■ Extracted material ■
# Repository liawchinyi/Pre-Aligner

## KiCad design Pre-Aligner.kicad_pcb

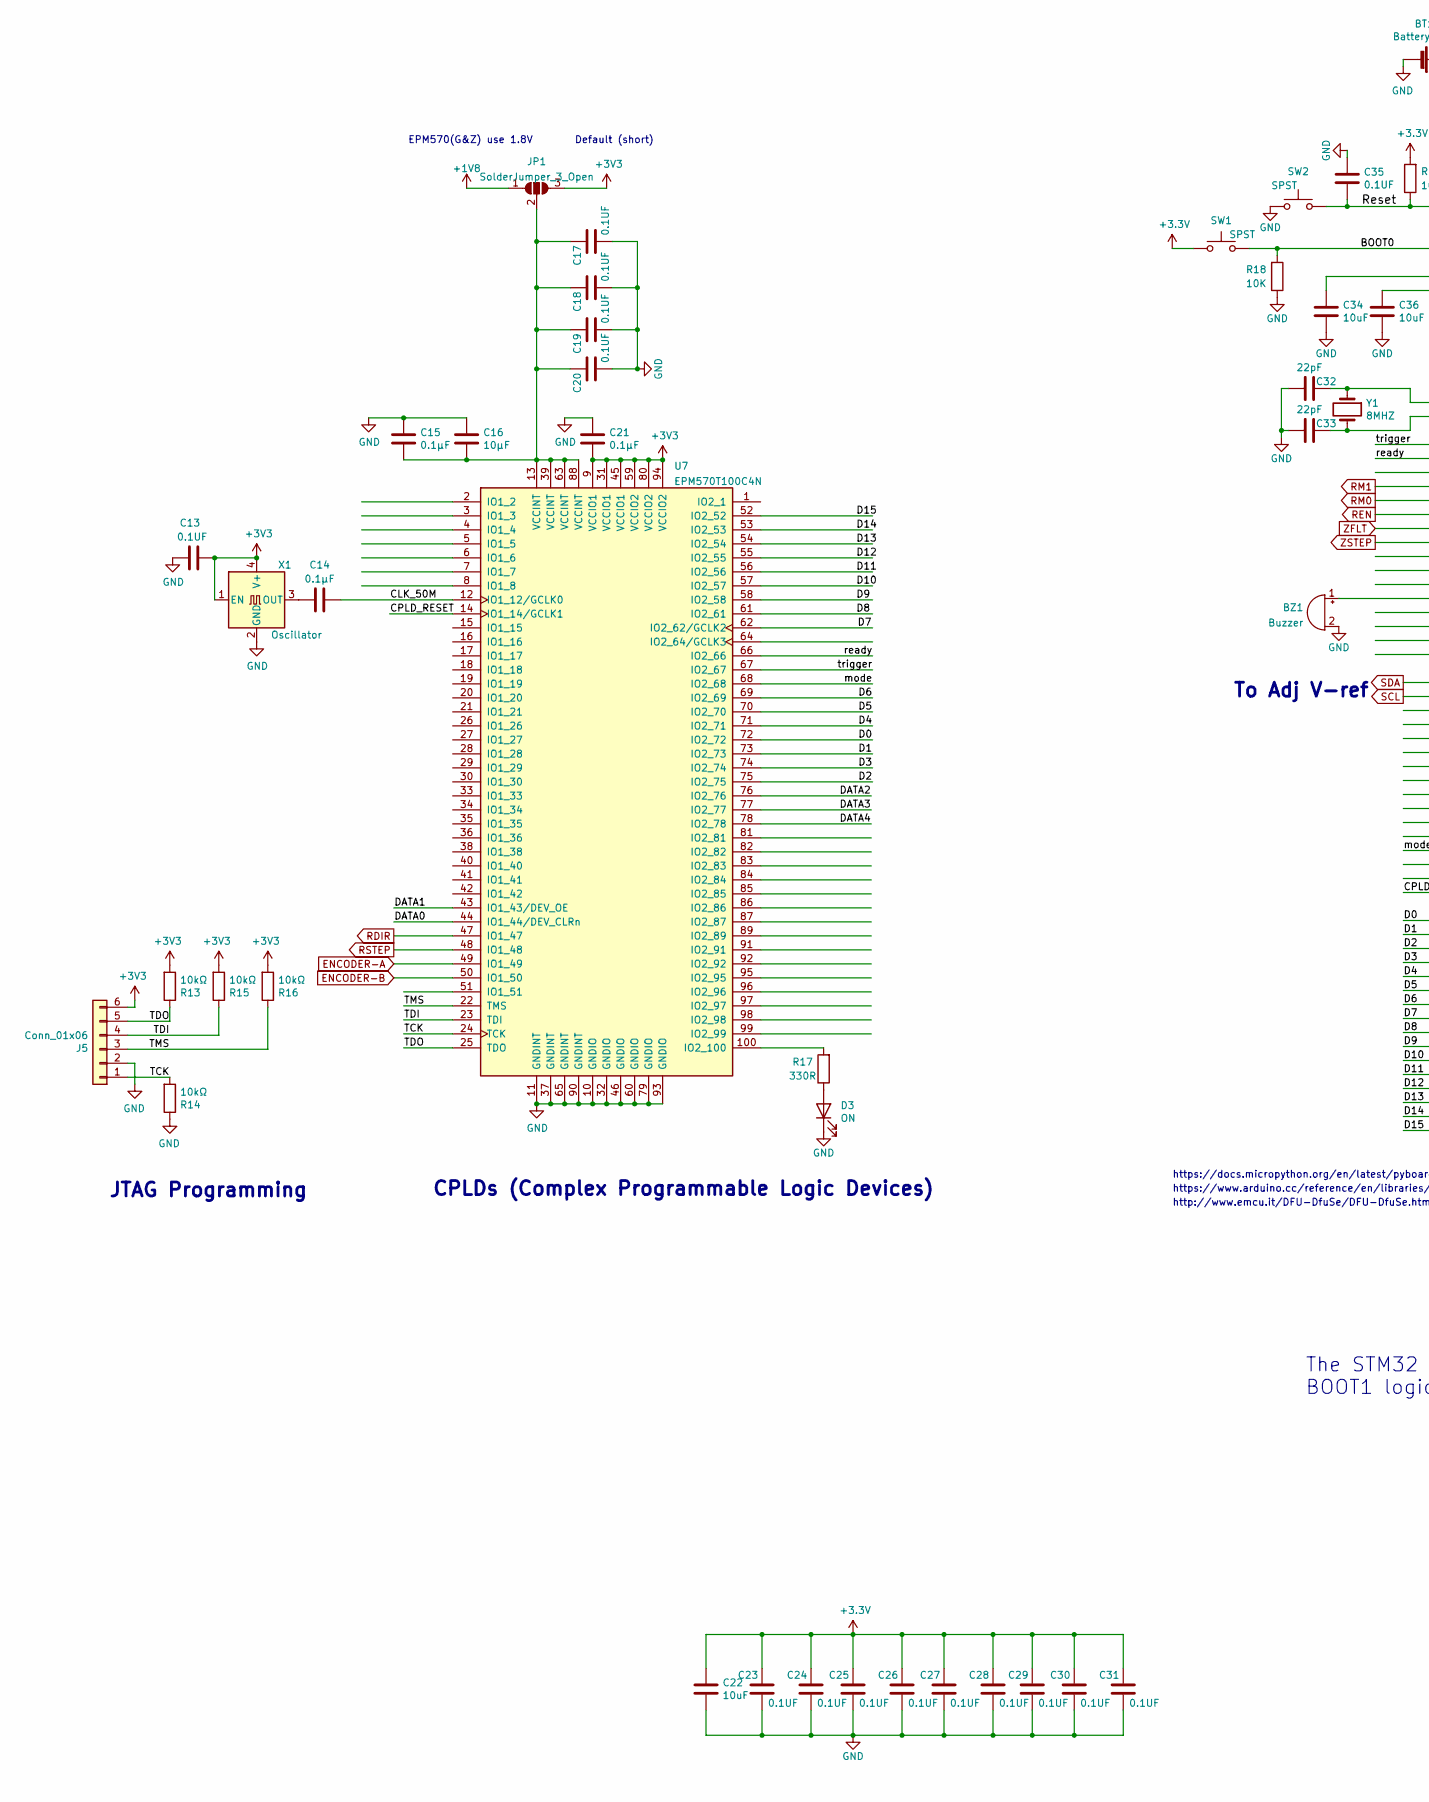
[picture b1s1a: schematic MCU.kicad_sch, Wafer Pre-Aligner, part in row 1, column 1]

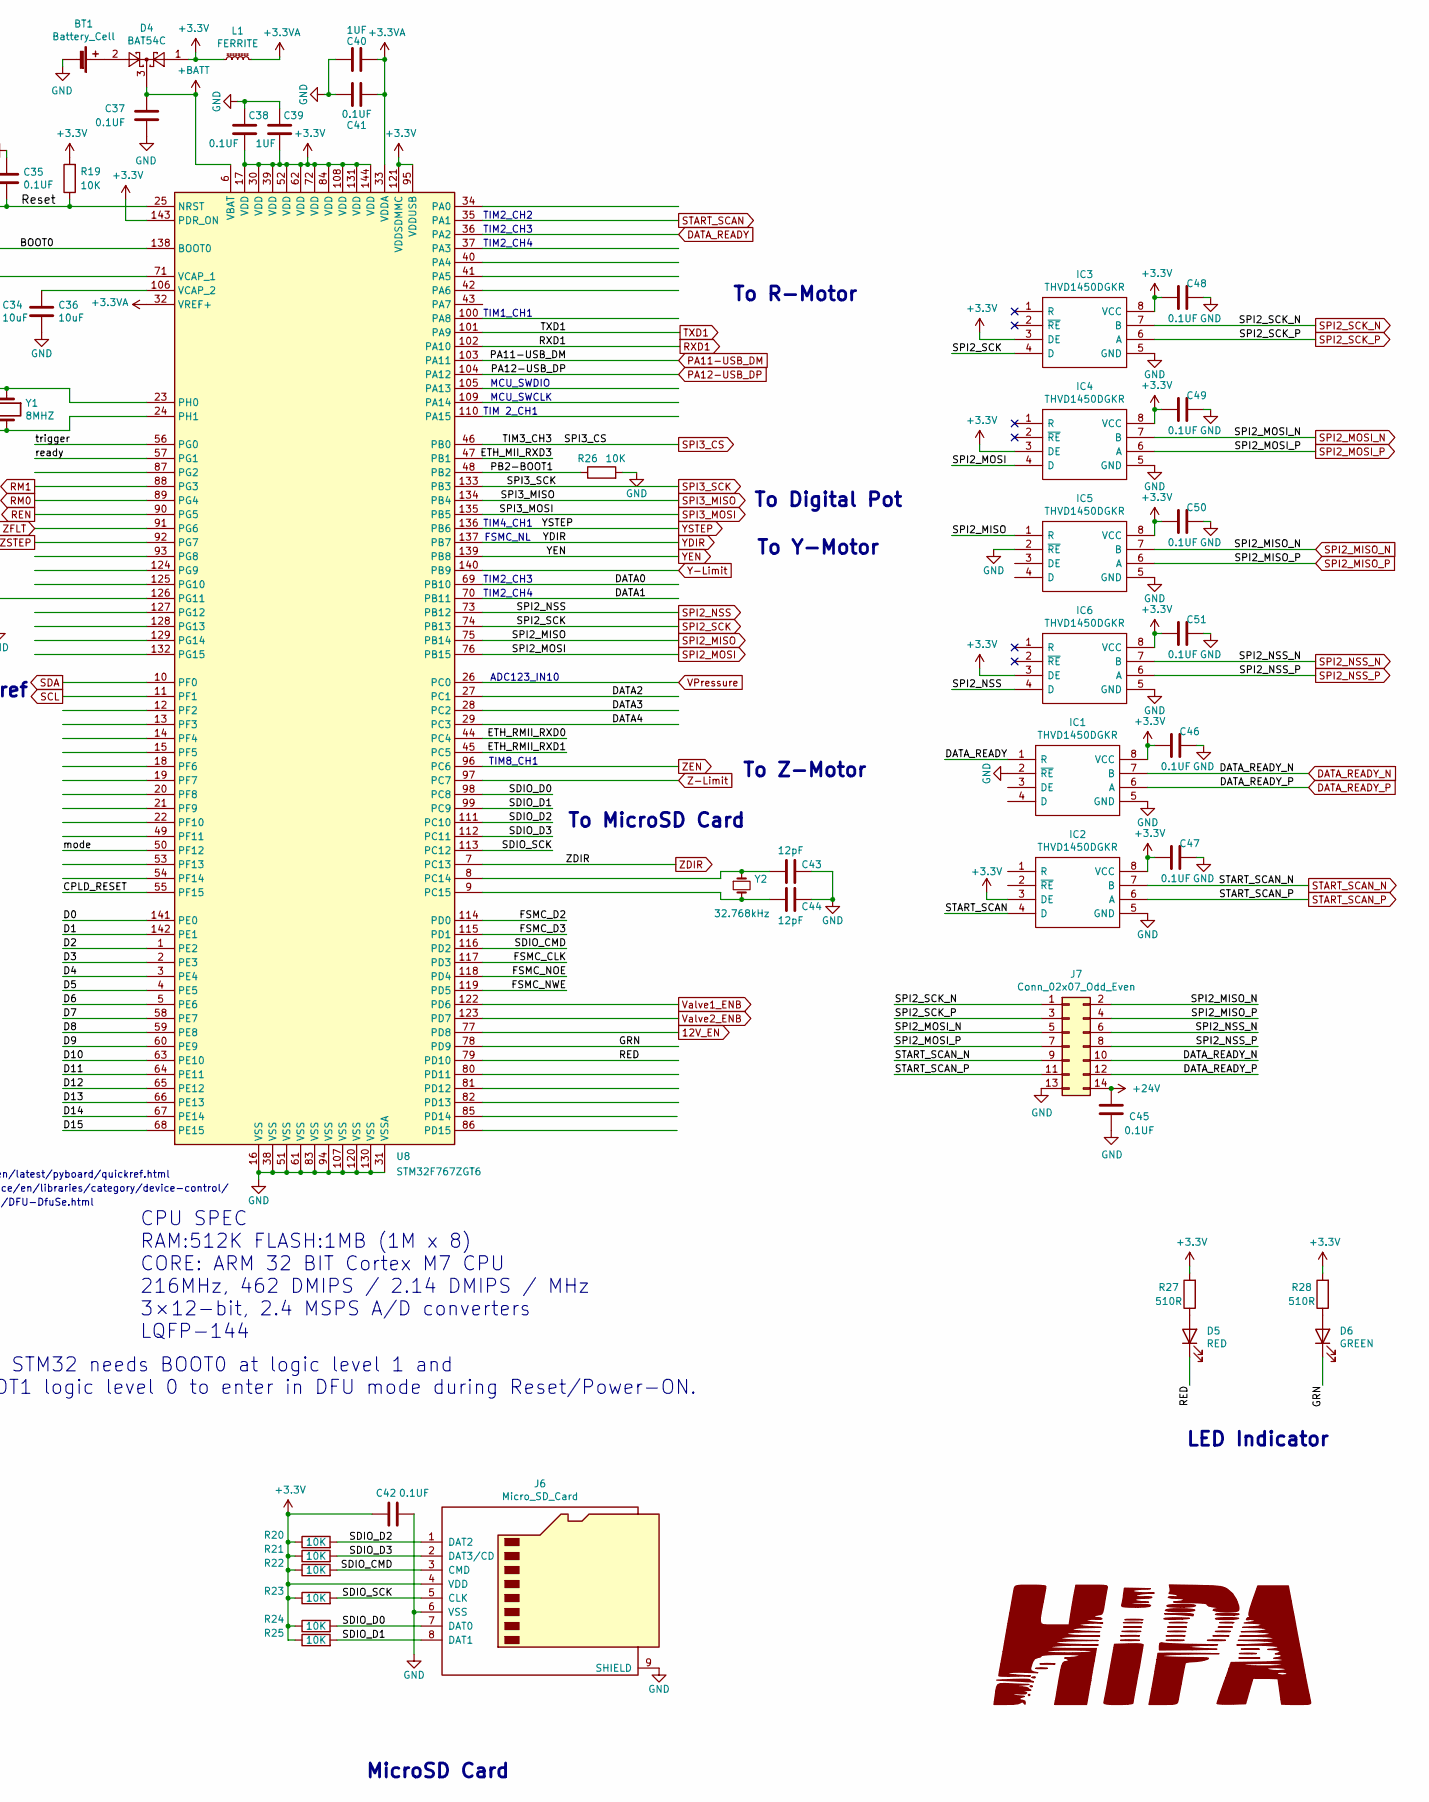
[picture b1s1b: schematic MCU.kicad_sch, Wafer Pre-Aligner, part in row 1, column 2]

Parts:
BT1: Battery_Cell; S8411-45R; Manufacturer_Part_Number S8411-45R
BZ1: Buzzer; MagneticBuzzer_PUI_AT-0927-TT-6-R; Manufacturer_Part_Number AT-0927-TT-6-R
C13, C17, C18, C19, C20, C23, C24, C25, C26, C27, C28, C29, C30, C31, C35, C37, C38, C41, C42, C45, C46, C47, C48, C49, C50, C51: 0.1UF; C_0603_1608Metric; Manufacturer_Part_Number C0603C104M5RACTU
C14: 0.1µF; C_0402_1005Metric; Manufacturer_Part_Number GRM155R71C104KA88J
C15, C21: 0.1µF; C_0603_1608Metric; Manufacturer_Part_Number CC0603KRX7R0BB104
C16: 10µF; C_1210_3225Metric; Manufacturer_Part_Number C1210C106K5RACTU
C22, C34, C36: 10uF; C_0603_1608Metric; Manufacturer_Part_Number GRM188D71A106KA73D
C32, C33: 22pF; C_0603_1608Metric; Manufacturer_Part_Number C0603C220J1GACTU
C39, C40: 1UF; C_0603_1608Metric; Manufacturer_Part_Number CL10B105MO8NNWC
C43, C44: 12pF; C_0402_1005Metric; Manufacturer_Part_Number 04025A120FAT2A
D3: ON; LED_0805_2012Metric; Manufacturer_Part_Number LTST-C171GKT
D4: BAT54C; SOT-23; Manufacturer_Part_Number BAT54C
D5: RED; LED_0805_2012Metric; Manufacturer_Part_Number LTST-C171KRKT
D6: GREEN; LED_0805_2012Metric; Manufacturer_Part_Number LTST-C171GKT
IC1, IC2, IC3, IC4, IC5, IC6: THVD1450DGKR; SOP65P490X110-8N; Manufacturer_Part_Number THVD1450DGKR; Mouser Part Number 595-THVD1450DGKR
J5: Conn_01x06; Molex_PicoBlade_53047-0610_1x06_P1.25mm_Vertical; Manufacturer_Part_Number 0530470610
J6: Micro_SD_Card; microSD_HC_Wuerth_693072010801; Manufacturer_Part_Number 693072010801
J7: Conn_02x07_Odd_Even; PinHeader_2x07_P2.54mm_Vertical; Manufacturer_Part_Number 5103308-2
JP1: SolderJumper_3_Open; SolderJumper-3_P1.3mm_Open_RoundedPad1.0x1.5mm_NumberLabels; Manufacturer_Part_Number Empty Do not mount
L1: FERRITE; L_0603_1608Metric; Manufacturer_Part_Number 742792651
R13, R14, R15, R16: 10kΩ; R_0603_1608Metric; Manufacturer_Part_Number RNCP0603FTD10K0
R17: 330R; R_0603_1608Metric; Manufacturer_Part_Number RC0603FR-07330RL
R18, R19, R20, R21, R22, R23, R24, R25, R26: 10K; R_0603_1608Metric; Manufacturer_Part_Number ERJ-3GEYJ103V
R27, R28: 510R; R_0603_1608Metric; Manufacturer_Part_Number RC0603JR-07510RL
SW1, SW2: SPST; SW_SPST_TL3342; Manufacturer_Part_Number TL3342F160QG/TR
U7: EPM570T100C4N; LQFP-100_14x14mm_P0.5mm; Manufacturer_Part_Number EPM570T100C4N
U8: STM32F767ZGT6; LQFP-144_20x20mm_P0.5mm; Manufacturer_Part_Number STM32F767ZGT6
X1: Oscillator; Oscillator_SMD_EuroQuartz_XO32-4Pin_3.2x2.5mm; Manufacturer_Part_Number ECS-2033-500-BN
Y1: 8MHZ; Crystal_SMD_Abracon_ABM7-2Pin_6.0x3.5mm; Manufacturer_Part_Number ABM7-8.000MHZ-D2Y-T
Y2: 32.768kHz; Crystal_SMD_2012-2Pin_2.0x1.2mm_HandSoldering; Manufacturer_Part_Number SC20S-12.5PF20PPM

■ Aim of the task ■
Exactly the lines from the top of the listing through the line holding "[picture b1s1b: schematic" should be repeated, with pictures left out.

■ Finished exercise ■
# Repository liawchinyi/Pre-Aligner

## KiCad design Pre-Aligner.kicad_pcb

[picture b1s1a: schematic MCU.kicad_sch, Wafer Pre-Aligner, part in row 1, column 1]

[picture b1s1b: schematic MCU.kicad_sch, Wafer Pre-Aligner, part in row 1, column 2]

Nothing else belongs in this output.